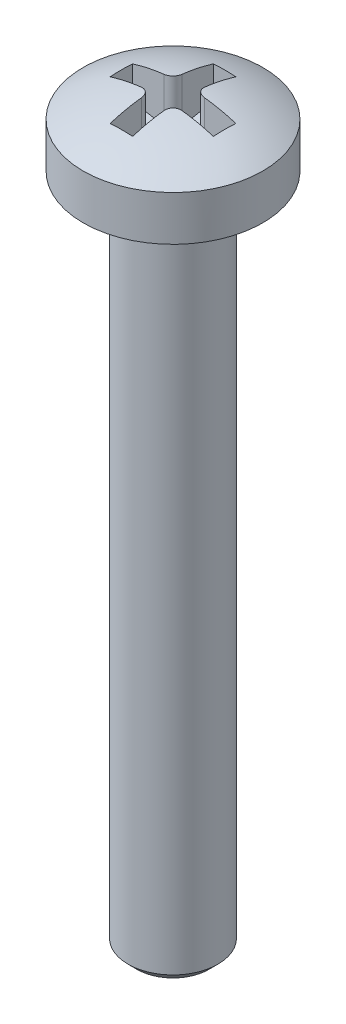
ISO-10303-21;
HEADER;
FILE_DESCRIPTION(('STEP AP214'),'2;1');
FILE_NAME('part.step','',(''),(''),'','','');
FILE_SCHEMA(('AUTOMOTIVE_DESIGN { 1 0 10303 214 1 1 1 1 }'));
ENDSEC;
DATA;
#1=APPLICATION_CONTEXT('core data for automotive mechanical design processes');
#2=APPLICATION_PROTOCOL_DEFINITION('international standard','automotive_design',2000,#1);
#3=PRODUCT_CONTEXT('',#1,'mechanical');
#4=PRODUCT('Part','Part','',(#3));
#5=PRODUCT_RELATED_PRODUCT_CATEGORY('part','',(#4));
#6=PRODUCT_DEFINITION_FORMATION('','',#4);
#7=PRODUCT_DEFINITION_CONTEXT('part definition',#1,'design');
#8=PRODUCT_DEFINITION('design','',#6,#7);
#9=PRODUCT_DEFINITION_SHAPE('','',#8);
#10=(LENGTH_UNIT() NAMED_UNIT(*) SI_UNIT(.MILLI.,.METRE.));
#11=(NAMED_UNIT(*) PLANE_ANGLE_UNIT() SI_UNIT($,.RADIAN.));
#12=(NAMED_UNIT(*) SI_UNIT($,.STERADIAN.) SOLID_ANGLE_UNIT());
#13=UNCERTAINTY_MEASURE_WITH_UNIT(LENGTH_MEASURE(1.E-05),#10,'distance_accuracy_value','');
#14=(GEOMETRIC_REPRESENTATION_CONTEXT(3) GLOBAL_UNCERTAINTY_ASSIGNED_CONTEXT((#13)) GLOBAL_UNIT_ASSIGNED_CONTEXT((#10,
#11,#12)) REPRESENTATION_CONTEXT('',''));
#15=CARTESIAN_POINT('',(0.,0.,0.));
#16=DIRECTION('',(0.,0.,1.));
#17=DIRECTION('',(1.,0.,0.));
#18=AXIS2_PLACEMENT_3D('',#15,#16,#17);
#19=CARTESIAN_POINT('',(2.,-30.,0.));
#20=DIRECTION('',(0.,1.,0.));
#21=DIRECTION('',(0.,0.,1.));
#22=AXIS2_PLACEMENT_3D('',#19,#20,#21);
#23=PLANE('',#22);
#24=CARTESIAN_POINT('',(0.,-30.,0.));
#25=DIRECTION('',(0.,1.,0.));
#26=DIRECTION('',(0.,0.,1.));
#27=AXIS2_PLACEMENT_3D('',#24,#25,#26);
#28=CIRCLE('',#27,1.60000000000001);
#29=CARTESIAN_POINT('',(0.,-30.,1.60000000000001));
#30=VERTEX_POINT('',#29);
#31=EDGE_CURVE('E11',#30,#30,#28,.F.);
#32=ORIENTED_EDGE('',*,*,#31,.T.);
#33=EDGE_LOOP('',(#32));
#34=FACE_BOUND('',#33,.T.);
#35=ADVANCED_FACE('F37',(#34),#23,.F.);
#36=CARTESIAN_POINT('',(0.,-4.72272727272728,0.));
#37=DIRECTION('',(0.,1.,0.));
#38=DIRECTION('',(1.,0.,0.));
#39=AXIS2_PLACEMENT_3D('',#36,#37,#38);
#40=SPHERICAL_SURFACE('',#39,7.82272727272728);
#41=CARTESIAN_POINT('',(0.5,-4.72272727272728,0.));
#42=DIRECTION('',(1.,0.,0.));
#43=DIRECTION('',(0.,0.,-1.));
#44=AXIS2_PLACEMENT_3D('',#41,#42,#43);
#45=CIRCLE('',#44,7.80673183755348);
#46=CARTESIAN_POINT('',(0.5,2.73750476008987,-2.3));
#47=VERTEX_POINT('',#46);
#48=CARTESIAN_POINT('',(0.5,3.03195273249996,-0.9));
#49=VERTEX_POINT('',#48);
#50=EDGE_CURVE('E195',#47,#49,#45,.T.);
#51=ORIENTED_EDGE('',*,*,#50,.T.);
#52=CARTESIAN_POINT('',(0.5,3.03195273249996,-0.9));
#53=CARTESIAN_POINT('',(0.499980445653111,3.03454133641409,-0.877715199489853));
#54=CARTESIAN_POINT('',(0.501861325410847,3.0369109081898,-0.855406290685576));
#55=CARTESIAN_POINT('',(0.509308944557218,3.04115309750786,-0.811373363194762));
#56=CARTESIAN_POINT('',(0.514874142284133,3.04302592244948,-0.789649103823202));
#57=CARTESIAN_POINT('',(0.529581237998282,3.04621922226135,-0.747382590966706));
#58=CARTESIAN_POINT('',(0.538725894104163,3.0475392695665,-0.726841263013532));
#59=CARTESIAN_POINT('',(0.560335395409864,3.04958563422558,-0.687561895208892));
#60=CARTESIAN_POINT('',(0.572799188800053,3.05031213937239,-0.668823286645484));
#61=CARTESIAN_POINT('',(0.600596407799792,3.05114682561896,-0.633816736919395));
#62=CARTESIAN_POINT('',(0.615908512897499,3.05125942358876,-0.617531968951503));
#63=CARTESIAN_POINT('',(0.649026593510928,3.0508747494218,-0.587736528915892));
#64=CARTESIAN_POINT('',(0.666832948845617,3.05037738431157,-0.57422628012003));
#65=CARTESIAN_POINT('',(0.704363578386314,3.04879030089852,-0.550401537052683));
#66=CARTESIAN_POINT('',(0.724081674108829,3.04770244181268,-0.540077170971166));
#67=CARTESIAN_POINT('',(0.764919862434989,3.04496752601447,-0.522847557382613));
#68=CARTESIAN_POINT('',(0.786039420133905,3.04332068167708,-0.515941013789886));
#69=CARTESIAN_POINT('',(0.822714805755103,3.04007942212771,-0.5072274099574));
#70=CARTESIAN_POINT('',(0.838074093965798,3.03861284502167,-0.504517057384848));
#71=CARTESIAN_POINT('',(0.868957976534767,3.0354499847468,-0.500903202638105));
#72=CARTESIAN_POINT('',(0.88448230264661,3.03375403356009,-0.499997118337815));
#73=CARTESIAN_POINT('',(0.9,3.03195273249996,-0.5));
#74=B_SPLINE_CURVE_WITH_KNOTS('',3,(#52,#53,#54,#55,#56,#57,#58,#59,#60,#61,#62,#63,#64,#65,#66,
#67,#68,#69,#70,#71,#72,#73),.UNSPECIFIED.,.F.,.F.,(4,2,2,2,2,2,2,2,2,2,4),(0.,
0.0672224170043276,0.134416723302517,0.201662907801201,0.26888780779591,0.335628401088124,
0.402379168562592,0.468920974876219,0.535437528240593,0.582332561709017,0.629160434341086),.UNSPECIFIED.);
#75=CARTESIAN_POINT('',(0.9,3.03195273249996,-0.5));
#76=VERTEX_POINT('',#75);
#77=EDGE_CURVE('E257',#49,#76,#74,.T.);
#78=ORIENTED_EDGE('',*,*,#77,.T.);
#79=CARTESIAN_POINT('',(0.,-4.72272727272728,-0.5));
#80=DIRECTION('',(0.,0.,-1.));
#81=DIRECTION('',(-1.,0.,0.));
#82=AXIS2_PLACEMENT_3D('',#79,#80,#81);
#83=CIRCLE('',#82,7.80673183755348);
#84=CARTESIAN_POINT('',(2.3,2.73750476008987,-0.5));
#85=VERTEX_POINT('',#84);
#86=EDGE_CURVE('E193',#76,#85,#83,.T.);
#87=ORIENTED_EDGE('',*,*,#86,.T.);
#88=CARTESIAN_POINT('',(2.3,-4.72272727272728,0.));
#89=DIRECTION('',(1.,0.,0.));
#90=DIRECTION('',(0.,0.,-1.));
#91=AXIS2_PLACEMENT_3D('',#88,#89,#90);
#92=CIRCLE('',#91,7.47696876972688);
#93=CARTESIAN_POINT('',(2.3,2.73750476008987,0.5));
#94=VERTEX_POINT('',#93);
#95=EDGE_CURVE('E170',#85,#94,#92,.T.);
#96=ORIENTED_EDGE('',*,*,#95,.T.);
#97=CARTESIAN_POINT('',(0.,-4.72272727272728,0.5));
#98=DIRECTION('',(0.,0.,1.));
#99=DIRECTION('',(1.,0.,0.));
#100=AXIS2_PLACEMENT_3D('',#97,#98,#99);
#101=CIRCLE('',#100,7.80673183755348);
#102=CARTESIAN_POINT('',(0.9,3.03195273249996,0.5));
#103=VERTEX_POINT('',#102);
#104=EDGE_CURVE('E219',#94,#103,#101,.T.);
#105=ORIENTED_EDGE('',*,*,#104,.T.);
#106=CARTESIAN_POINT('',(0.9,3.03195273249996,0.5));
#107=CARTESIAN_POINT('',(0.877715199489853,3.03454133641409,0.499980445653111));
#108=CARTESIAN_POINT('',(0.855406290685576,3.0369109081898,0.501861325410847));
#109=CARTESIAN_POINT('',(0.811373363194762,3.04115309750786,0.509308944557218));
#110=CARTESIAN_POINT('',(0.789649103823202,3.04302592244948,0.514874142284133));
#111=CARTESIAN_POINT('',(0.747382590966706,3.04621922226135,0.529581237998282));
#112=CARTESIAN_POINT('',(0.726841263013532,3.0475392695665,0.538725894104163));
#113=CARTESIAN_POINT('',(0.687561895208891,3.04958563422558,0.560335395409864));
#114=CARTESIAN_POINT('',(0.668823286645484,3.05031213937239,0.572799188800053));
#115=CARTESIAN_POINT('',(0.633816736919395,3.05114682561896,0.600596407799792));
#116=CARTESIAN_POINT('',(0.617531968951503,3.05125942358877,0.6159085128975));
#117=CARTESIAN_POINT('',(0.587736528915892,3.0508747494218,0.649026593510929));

__Problem to work on__: The lines running from the beginning of the listing above through the line that holds "#1=APPLICATION_CONTEXT('core data for" are to be duplicated exactly, both ends kept, pictures omitted.

__Solution to this exercise__:
ISO-10303-21;
HEADER;
FILE_DESCRIPTION(('STEP AP214'),'2;1');
FILE_NAME('part.step','',(''),(''),'','','');
FILE_SCHEMA(('AUTOMOTIVE_DESIGN { 1 0 10303 214 1 1 1 1 }'));
ENDSEC;
DATA;
#1=APPLICATION_CONTEXT('core data for automotive mechanical design processes');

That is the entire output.